What is the frequency of these signals? What precision do you need in measuring them?
a7
+1 for that. I have not used my scope since I bought one.
Add the free PulseView software and you have a great logic analyzer tool. There are many many decoders that come with the software, including a PWM (duty cycle) decoder.
I think Pin Change Interrupts would be fairly good at doing that. You will need 10 input pins. Use the PinChangeInterrupt library and store micros() for the last two pin changes. On a rising edge, the current micros() minus the first sample (the previous rising edge) will get you the cycle period. The second sample minus the first will be the ON time. Then divide to get duty-cycle. If the latest previous sample was a long time ago, us the state of the pin to tell if the duty-cycle is 0% oe 100%.
Why not have the microcontroller that's creating the PWM signals send the duty cycle values?
It depends ...
- What are the PWM signals used for?
- Perhaps a timing diagram would help?
- What are the PWM frequencies?
- Are any of the signals complimentary? (this reduces the unique timers required)
Hi, using an oscilloscope or a logic analyzer (I have that one too ) is impossible for my project. I'd have to measure it and enter the value into my UNO every time the duty cycle changed to work with it as a variable.
I can't (don't want to) get the microcontroller that is generating the PWM signals to send the duty cycle values because that would require me to edit the existing third party firmware on that board. The problem with that is that I'd have to do that every time I'll do a firmware update.
The Pin Change Interrupts and the 74HC4067 solutions look like they might do the trick. I'll look into those and see if it'll work. Any other suggestions are welcome.
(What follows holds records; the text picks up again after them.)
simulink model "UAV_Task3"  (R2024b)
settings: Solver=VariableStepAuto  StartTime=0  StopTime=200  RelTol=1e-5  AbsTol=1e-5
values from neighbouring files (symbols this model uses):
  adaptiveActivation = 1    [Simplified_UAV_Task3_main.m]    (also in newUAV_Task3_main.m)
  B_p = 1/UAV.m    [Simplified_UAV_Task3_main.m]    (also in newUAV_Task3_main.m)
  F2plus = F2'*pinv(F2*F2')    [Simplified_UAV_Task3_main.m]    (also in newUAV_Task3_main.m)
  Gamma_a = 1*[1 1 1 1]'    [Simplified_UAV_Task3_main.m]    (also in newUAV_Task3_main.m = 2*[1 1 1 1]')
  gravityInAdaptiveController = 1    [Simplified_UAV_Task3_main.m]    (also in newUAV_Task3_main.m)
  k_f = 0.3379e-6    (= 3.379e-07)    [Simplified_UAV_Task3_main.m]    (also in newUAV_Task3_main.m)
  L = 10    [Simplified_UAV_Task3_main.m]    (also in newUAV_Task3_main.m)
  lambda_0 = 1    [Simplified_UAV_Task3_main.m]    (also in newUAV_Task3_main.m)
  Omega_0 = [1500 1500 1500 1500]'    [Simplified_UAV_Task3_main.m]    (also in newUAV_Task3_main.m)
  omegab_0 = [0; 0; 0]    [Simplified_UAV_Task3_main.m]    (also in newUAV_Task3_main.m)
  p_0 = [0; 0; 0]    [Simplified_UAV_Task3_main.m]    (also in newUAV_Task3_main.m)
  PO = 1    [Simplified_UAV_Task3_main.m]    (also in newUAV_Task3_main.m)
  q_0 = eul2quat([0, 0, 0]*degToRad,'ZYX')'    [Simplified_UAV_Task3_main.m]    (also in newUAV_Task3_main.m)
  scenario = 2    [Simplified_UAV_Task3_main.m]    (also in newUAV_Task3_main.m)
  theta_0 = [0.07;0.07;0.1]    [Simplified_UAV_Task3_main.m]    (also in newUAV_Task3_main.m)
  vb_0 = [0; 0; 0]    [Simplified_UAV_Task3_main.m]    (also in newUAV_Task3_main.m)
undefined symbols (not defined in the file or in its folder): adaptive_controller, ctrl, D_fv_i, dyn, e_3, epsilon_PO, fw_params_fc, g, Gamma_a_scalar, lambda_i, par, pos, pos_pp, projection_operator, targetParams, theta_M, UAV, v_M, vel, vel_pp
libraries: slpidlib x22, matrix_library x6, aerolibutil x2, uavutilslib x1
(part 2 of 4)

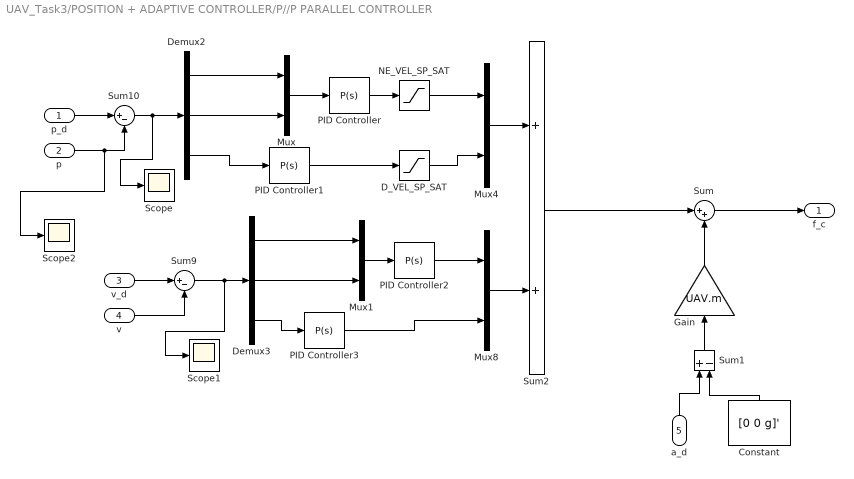
== system UAV_Task3/POSITION + ADAPTIVE CONTROLLER/P//P PARALLEL CONTROLLER ==
  p_d : Inport
  p : Inport  Port=2
  v_d : Inport  Port=3
  v : Inport  Port=4
  a_d : Inport  Port=5
  Constant : Constant  Value=[0 0 g]'
  D_VEL_SP_SAT : Saturate  UpperLimit=fw_params_fc.MPC_Z_VEL_MAX_DN  LowerLimit=-fw_params_fc.MPC_Z_VEL_MAX_UP
  Demux2 : Demux  Outputs=3
  Demux3 : Demux  Outputs=3
  Gain : Gain  Gain=UAV.m
  Mux{,1,4,8} (4 alike) : Mux  Inputs=2
  NE_VEL_SP_SAT : Saturate  UpperLimit=fw_params_fc.MPC_XY_VEL_MAX  LowerLimit=-fw_params_fc.MPC_XY_VEL_MAX
  PID Controller : slpidlib/PID Controller  Controller=P  Form=Parallel  TimeDomain=Continuous-time  UseExternalTs=off  SampleTime=-1  IntegratorMethod=Forward Euler  FilterMethod=Forward Euler  ControllerParametersSource=internal  P=pos_pp.Kp(1,1)  I=1  UseKiTs=off  D=0  UseExternalDerivativeSource=off  N=100  UseFilter=on  TunerSelectOption=Transfer Function Based (PID Tuner App)  InitialConditionSource=internal  InitialConditionForIntegrator=0  InitialConditionForFilter=0  DifferentiatorICPrevScaledInput=0  ExternalReset=none  TrackingMode=off  Kt=1  LimitOutput=off  SatLimitsSource=internal  UpperSaturationLimit=inf  LowerSaturationLimit=-inf  LinearizeAsGain=on  AntiWindupMode=none  Kb=1  LimitIntegrator=off  UpperIntegratorSaturationLimit=inf  LowerIntegratorSaturationLimit=-inf  POutMin=[]  POutMax=[]  IOutMin=[]  IOutMax=[]  DOutMin=[]  DOutMax=[]  NOutMin=[]  NOutMax=[]  SumOutMin=[]  SumOutMax=[]  SaturationOutMin=[]  SaturationOutMax=[]  PParamMin=[]  PParamMax=[]  IParamMin=[]  IParamMax=[]  DParamMin=[]  DParamMax=[]  NParamMin=[]  NParamMax=[]  KbParamMin=[]  KbParamMax=[]  KtParamMin=[]  KtParamMax=[]  KbOutMin=[]  KbOutMax=[]  KtOutMin=[]  KtOutMax=[]  IntegratorOutMin=[]  IntegratorOutMax=[]  FilterOutMin=[]  FilterOutMax=[]  SumI1OutMin=[]  SumI1OutMax=[]  SumI2OutMin=[]  SumI2OutMax=[]  SumI3OutMin=[]  SumI3OutMax=[]  SumI4OutMin=[]  SumI4OutMax=[]  SumDOutMin=[]  SumDOutMax=[]  DifferentiatorOutMin=[]  DifferentiatorOutMax=[]  FilterDiffOutCoefMin=[]  FilterDiffOutCoefMax=[]  ReciprocalOutMin=[]  ReciprocalOutMax=[]  SumDenOutMin=[]  SumDenOutMax=[]  SumNumOutMin=[]  SumNumOutMax=[]  DivideOutMin=[]  DivideOutMax=[]  UdiffTsProdOutMin=[]  UdiffTsProdOutMax=[]  NTsProdOutMin=[]  NTsProdOutMax=[]  UintegralTsProdOutMin=[]  UintegralTsProdOutMax=[]  UngainTsProdOutMin=[]  UngainTsProdOutMax=[]  ClampingZeroOutDataTypeStr=Inherit: Inherit via back propagation  ClampingZeroOutMin=[]  ClampingZeroOutMax=[]  FilterDenConstantOutDataTypeStr=Inherit: Inherit via back propagation  FilterDenConstantOutMin=[]  FilterDenConstantOutMax=[]  PCopyOutDataTypeStr=Inherit: Inherit via back propagation  PCopyOutMin=[]  PCopyOutMax=[]  NCopyOutDataTypeStr=Inherit: Inherit via back propagation  NCopyOutMin=[]  NCopyOutMax=[]  IntegratorContinuousStateAttributes=''  IntegratorStateMustResolveToSignalObject=off  IntegratorRTWStateStorageClass=Auto  FilterContinuousStateAttributes=''  FilterStateMustResolveToSignalObject=off  FilterRTWStateStorageClass=Auto  ParallelPVariant=InternalParameters  IdealPVariant=Disabled  IVariant=Disabled  DVariant=Disabled  IntegratorVariant=Disabled  SatVariant=Disabled  AWVariant=Disabled  PCopyVariant=Disabled  TRVariant=Disabled  FdbkBlocksVariant=Forward  IdealPFdbkVariant=Disabled  SatFdbkVariant=Disabled  DerivativeFilterVariant=Disabled  NVariant=Disabled  NCopyVariant=Disabled_SignalSpec  FilterICVariant=Disabled  IntegratorICVariant=Disabled  ExternalResetVariant=Disabled  TRSumVariant=Passthrough  SumFdbkVariant=Disabled  SumVariant=Passthrough_P  TsampFilterVariant=InternalTs  TsampNgainVariant=Passthrough  TsampIntegralVariant=Disabled_SignalSpec  ExternalSaturationOutDataTypeStr=Inherit: Same as second input  DerivativeSourceVariant=Disabled  PreIntVariant=InternalPreInt
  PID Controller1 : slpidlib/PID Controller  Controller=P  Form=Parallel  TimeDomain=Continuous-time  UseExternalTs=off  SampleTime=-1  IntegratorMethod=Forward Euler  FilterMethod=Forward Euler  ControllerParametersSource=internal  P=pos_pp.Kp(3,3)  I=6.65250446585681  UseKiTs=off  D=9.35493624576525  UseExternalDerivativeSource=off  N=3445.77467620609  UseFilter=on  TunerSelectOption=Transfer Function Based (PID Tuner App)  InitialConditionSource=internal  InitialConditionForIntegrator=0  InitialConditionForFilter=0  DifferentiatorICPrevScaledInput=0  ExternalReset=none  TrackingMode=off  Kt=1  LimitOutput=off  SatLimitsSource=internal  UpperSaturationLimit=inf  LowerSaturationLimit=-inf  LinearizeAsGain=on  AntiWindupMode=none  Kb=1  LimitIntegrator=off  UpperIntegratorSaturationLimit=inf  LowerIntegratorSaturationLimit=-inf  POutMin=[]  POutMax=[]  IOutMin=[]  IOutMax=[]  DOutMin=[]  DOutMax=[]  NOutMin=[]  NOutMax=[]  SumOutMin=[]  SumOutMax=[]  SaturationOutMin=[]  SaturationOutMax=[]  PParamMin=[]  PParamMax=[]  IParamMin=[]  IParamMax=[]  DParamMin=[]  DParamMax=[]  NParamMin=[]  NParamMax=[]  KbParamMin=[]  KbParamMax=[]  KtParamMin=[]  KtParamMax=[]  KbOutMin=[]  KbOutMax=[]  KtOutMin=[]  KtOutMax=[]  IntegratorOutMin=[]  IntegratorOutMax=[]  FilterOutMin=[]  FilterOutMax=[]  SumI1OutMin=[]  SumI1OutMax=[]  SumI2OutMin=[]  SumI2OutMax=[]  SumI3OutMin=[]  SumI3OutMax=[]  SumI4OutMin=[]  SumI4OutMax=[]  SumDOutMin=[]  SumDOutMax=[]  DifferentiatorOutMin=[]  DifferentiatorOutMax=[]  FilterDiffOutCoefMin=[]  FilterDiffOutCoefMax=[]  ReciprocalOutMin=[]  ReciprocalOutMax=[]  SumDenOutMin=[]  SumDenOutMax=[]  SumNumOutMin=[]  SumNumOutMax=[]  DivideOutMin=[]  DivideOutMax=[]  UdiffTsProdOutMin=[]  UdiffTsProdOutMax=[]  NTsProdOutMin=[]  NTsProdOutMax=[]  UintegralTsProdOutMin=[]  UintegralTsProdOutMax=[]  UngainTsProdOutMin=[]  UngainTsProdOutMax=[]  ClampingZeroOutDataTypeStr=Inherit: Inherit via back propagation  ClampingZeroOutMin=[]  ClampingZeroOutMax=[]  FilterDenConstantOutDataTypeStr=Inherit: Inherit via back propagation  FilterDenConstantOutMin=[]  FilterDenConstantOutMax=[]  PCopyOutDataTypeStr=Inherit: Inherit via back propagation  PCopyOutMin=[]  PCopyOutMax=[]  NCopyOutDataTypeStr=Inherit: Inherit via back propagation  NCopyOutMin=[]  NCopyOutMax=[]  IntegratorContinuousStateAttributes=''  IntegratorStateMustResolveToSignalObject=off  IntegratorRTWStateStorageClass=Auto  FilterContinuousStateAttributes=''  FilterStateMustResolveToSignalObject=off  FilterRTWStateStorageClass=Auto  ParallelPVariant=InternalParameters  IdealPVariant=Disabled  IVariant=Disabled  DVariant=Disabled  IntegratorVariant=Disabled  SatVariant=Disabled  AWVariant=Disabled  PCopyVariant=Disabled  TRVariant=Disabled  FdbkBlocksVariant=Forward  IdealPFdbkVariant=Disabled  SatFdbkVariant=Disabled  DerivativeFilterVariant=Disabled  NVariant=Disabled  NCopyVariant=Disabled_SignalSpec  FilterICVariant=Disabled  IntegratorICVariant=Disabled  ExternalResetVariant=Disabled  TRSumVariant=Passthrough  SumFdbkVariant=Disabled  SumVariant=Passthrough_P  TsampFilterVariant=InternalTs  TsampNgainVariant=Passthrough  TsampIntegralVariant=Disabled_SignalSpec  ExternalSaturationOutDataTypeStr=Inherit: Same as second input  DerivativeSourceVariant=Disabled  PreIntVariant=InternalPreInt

This may not be as good as the interrupt based way - but if you apply the pwm to a suitable low pass filter, then the output of the filter directly corresponds to the duty cycle - all you need to know is what the 100% duty cycle voltage corresponds to. For example for a 5V pwm, 100% duty cycle corresponds to 5V, 50% to 2.5V. The filters output / 5V will give you the duty cycle.
How fast do you need to measure the duty cycles and with what resolution?
You could low-pass filter the duty cycles into analog values, then use a multiplexer like SparkFun Analog/Digital MUX Breakout - CD74HC4067 - BOB-09056 - SparkFun Electronics to read the signals into your UNO.